Friday, August 24, 2012

Working Wednesday: How Many Companies Are In Your Distribution Chain?


Sometimes it is an advantage to be a small company. One of those advantages is face-to-face business dealings. You work directly with others. You shake hands, a bill of sale, a form of payment, and a receipt is handled between the two of you. Problems can be resolved without third parties. Trust had been established some time ago and a list of solutions is thorough with an end result satisfactory to both. Likewise, new ideas are just an e-mail or phone call away.

But what if you are part of a bigger chain? You have pieces and parts coming in the front door and finished products shipping out the back to another company as part of a much larger picture. You figured out a service that is unique but dependent upon others doing their jobs. What then?

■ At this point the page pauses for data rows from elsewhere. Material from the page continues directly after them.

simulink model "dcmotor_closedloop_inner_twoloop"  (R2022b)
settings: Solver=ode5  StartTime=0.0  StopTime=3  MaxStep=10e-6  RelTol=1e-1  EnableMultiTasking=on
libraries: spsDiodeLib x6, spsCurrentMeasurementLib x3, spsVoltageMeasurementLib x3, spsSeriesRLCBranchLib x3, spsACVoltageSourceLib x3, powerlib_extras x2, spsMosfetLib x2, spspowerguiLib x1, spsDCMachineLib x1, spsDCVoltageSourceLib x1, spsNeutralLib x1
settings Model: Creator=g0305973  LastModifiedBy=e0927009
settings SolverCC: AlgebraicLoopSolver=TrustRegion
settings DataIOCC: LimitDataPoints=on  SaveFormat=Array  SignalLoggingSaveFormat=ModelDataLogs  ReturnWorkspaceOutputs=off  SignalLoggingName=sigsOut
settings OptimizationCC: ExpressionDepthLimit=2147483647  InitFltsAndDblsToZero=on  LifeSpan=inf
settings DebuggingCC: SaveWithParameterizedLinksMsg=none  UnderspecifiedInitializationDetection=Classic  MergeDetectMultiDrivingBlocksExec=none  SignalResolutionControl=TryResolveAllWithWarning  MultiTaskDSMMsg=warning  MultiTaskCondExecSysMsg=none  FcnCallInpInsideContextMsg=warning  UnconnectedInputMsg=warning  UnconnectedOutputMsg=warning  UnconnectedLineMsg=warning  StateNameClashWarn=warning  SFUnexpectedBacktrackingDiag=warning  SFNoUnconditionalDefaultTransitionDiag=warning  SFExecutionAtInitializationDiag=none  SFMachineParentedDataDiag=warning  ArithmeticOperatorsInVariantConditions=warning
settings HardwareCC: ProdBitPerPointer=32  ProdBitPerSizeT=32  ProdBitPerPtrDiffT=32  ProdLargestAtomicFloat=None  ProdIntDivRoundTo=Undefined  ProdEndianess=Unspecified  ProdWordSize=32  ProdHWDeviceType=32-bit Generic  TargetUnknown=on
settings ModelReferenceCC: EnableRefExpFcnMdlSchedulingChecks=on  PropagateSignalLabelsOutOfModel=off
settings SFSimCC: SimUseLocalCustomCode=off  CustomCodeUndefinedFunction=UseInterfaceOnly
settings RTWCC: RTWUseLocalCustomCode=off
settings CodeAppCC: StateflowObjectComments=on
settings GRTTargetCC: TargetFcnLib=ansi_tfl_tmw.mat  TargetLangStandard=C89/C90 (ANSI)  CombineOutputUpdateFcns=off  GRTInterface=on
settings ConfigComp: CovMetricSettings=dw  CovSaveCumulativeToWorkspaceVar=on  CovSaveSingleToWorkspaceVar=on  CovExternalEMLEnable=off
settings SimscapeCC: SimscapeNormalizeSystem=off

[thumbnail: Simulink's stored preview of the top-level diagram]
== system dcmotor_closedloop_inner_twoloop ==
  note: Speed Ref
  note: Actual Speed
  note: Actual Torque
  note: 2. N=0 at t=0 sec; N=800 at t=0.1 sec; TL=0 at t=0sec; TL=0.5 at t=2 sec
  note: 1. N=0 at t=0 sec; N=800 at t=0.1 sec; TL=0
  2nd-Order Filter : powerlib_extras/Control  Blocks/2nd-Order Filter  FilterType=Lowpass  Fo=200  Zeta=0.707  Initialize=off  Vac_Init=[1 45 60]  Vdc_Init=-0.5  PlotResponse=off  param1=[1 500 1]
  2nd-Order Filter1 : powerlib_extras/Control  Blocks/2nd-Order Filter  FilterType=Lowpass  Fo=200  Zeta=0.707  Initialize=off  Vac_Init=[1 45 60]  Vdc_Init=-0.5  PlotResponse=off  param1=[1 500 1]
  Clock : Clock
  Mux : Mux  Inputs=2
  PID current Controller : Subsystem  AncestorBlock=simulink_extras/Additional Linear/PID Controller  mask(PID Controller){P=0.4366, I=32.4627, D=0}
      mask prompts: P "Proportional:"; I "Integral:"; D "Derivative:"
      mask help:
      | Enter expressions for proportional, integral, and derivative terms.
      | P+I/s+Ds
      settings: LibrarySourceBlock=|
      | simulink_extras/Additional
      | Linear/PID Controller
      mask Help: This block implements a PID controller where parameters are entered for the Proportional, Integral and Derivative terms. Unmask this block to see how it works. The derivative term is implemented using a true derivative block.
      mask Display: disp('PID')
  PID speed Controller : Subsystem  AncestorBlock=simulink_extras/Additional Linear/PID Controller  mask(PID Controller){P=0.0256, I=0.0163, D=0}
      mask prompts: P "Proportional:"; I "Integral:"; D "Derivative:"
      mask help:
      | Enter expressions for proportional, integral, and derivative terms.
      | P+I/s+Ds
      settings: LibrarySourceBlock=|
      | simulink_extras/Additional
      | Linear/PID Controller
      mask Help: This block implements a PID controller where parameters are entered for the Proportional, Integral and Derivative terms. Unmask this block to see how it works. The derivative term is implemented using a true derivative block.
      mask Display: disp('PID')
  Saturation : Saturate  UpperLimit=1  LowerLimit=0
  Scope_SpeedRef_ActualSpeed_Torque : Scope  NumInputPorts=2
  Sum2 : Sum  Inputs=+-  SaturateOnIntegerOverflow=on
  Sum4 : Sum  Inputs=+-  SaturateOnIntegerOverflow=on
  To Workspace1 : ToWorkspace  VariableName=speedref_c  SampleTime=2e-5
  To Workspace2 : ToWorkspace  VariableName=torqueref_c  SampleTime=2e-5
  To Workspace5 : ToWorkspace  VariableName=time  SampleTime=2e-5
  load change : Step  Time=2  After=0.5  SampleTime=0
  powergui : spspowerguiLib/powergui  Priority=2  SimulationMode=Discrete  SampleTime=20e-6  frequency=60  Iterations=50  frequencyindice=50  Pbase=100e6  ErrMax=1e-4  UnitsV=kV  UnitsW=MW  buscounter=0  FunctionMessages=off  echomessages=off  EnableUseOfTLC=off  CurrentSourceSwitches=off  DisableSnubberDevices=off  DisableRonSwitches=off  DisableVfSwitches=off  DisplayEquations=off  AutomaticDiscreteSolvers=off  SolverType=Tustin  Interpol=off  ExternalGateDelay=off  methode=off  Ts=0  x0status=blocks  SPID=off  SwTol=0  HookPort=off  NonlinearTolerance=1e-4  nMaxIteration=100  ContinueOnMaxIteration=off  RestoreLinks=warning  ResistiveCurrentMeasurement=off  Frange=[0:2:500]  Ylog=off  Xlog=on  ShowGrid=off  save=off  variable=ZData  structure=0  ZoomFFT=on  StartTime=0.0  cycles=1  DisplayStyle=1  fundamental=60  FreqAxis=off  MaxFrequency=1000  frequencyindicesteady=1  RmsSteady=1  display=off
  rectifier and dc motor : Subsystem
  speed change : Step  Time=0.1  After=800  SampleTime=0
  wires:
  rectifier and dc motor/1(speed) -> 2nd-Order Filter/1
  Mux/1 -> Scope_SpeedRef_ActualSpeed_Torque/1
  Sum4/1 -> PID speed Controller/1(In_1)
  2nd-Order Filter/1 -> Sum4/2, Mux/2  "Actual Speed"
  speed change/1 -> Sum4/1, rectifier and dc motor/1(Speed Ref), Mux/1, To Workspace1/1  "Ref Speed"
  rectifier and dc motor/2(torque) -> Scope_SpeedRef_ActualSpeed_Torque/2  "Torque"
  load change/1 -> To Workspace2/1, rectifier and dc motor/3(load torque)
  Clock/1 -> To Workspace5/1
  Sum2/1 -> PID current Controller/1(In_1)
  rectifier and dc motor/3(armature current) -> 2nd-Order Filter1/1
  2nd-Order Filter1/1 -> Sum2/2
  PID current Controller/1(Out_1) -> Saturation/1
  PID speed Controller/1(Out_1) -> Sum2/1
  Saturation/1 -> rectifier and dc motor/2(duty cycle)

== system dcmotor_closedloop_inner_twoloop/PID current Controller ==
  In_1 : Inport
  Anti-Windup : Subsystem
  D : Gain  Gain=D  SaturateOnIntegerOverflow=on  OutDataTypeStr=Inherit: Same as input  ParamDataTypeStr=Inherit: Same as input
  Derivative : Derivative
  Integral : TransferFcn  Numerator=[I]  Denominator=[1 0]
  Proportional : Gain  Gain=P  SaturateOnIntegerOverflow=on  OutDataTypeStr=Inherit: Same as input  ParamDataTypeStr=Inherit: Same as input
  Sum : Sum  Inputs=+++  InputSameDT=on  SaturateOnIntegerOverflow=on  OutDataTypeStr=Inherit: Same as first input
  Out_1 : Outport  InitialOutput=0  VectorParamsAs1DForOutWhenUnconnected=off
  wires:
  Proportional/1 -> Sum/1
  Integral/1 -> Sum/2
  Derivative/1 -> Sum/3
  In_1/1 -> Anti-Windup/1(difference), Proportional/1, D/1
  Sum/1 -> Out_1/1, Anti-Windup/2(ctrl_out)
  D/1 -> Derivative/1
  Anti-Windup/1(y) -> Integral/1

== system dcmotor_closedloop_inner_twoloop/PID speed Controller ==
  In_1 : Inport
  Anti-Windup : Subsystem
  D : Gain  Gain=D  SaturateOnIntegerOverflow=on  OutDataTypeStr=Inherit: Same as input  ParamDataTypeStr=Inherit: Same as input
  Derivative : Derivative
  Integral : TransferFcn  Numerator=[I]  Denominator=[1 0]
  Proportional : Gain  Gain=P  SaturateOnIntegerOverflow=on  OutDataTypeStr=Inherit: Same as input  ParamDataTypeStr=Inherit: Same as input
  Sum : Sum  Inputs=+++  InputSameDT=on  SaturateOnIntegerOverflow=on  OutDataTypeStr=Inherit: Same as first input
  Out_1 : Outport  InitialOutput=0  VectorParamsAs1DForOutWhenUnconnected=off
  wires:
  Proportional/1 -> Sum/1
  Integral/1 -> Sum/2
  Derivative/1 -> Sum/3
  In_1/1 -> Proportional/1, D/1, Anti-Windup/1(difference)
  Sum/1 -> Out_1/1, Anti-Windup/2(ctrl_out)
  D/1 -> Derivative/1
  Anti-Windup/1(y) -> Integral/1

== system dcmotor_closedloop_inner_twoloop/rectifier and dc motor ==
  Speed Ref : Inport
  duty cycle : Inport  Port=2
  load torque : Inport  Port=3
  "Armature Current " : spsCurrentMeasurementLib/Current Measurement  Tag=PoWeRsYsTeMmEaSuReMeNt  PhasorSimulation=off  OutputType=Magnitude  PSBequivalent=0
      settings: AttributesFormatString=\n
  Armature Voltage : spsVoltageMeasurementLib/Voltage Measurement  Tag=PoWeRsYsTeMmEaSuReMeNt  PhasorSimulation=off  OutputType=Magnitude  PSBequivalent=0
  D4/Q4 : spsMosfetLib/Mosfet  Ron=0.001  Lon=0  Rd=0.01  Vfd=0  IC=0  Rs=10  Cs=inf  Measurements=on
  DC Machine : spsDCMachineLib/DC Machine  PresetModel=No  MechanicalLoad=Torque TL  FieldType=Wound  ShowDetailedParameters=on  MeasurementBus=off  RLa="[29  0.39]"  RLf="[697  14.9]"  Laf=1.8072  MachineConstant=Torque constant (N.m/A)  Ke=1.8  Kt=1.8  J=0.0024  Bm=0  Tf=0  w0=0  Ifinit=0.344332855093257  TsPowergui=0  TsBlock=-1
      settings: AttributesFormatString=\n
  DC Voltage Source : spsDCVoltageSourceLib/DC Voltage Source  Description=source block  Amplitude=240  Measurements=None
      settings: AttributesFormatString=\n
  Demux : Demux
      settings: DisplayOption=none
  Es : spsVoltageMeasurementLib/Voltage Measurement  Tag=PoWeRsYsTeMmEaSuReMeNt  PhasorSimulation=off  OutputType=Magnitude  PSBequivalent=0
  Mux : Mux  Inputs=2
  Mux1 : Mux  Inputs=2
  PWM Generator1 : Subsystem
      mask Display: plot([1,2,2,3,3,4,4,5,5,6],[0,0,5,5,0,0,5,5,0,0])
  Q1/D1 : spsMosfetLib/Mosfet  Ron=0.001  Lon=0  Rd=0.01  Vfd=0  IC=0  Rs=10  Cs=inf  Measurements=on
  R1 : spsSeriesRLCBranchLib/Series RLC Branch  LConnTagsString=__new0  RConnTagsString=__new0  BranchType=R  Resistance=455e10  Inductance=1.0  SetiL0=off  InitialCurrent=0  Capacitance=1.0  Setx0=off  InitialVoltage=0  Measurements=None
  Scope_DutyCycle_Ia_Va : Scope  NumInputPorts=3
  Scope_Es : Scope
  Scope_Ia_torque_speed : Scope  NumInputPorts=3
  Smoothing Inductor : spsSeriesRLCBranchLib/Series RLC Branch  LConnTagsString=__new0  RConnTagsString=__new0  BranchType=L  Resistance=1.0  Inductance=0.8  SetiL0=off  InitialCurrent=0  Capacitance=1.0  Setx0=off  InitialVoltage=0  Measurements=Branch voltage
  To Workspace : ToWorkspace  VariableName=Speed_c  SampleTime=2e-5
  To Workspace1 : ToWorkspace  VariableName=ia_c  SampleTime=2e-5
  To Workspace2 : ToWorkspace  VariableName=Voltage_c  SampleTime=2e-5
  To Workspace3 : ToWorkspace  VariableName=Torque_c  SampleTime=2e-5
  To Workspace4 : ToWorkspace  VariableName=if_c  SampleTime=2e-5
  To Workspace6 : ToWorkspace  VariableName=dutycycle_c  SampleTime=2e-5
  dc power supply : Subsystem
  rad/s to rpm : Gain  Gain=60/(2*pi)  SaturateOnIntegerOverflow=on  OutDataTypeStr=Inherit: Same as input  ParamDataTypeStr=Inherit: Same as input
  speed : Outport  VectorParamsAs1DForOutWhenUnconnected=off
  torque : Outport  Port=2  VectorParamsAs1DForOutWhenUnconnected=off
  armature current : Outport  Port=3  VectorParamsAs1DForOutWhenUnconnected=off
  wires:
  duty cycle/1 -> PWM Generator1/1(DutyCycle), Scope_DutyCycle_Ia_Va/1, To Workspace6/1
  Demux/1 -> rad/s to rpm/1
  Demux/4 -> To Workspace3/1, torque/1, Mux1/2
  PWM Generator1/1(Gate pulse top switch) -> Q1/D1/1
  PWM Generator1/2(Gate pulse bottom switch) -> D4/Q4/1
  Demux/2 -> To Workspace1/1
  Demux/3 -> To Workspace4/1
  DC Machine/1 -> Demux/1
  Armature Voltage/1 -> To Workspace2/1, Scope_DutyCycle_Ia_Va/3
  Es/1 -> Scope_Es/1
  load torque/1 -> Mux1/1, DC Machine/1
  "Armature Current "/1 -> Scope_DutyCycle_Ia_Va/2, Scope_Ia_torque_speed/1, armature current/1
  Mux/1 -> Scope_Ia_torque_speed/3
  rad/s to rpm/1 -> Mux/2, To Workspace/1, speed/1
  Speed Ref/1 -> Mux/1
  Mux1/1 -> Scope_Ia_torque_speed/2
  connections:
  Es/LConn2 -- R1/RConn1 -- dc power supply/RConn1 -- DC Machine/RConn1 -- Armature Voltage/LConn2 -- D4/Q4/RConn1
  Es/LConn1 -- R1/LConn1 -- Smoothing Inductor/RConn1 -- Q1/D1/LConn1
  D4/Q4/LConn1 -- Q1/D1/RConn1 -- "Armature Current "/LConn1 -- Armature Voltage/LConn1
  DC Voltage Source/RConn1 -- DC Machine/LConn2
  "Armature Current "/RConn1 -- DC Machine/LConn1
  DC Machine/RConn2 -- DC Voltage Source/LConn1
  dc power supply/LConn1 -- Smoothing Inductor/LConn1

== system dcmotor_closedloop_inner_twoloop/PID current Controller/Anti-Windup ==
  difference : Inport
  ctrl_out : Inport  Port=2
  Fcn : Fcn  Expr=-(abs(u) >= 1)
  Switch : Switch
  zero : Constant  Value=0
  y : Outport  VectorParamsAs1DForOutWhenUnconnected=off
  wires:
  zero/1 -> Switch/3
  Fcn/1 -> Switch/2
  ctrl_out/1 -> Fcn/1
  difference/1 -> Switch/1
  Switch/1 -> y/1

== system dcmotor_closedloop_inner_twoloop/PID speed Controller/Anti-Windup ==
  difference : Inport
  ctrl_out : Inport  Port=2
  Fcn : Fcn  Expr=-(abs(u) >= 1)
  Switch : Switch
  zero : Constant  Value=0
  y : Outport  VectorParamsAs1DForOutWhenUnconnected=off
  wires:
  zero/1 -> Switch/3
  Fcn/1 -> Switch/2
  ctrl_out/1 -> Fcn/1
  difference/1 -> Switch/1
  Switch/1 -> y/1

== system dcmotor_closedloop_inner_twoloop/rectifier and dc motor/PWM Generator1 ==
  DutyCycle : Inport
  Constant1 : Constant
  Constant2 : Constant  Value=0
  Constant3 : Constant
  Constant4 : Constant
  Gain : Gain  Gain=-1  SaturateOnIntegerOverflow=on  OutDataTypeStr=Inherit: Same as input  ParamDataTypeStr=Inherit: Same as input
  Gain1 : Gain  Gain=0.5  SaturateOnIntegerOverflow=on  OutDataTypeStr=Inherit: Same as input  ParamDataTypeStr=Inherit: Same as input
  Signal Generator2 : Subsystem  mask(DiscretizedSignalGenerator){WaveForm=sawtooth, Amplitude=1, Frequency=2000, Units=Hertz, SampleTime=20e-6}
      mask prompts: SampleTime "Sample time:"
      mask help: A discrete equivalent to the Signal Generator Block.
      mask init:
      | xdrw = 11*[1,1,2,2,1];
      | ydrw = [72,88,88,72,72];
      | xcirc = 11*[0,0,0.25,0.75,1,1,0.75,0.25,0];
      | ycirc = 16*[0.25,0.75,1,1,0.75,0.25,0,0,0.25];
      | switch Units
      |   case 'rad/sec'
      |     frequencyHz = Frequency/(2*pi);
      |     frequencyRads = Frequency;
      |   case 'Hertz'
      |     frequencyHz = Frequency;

Cardinal Health was fined for not reporting something suspicious about drug shipments to certain pharmacies. The pharmacies were becoming "pill mills".See: http://www.dispatch.com/content/stories/business/2012/08/24/cardinal-facing-more-dea-scrutiny.html

Now I am definitely not an expert on drug manufacturing. That is way too complicated for me on many levels. But it appears Cardinal Health did not contact DEA as they should. They are a large corporation and should have had enough employees to have the expertise to know better. But again, I did not follow the lawsuit. I am only interested in this from a small business perspective.

Here is my point: Know your distribution chain. Know the whole chain not just your part. Be aware of ethics, laws, liabilities, and anything else that could put your business on the wrong side of the law. Get advice if you have to. Cardinal Health was not the pill mill, but they still got in trouble.

In this case, it sounds as if Cardinal Health was selling directly to the pharmacies, a one-on-one transaction. Normally, you would think this would give you some safe guards. But the drugs were quite potent, which got C.H. into trouble, and there were extra regulations with those drugs. So don't be fooled either. Even your "bff"s need to be checked out every once in awhile.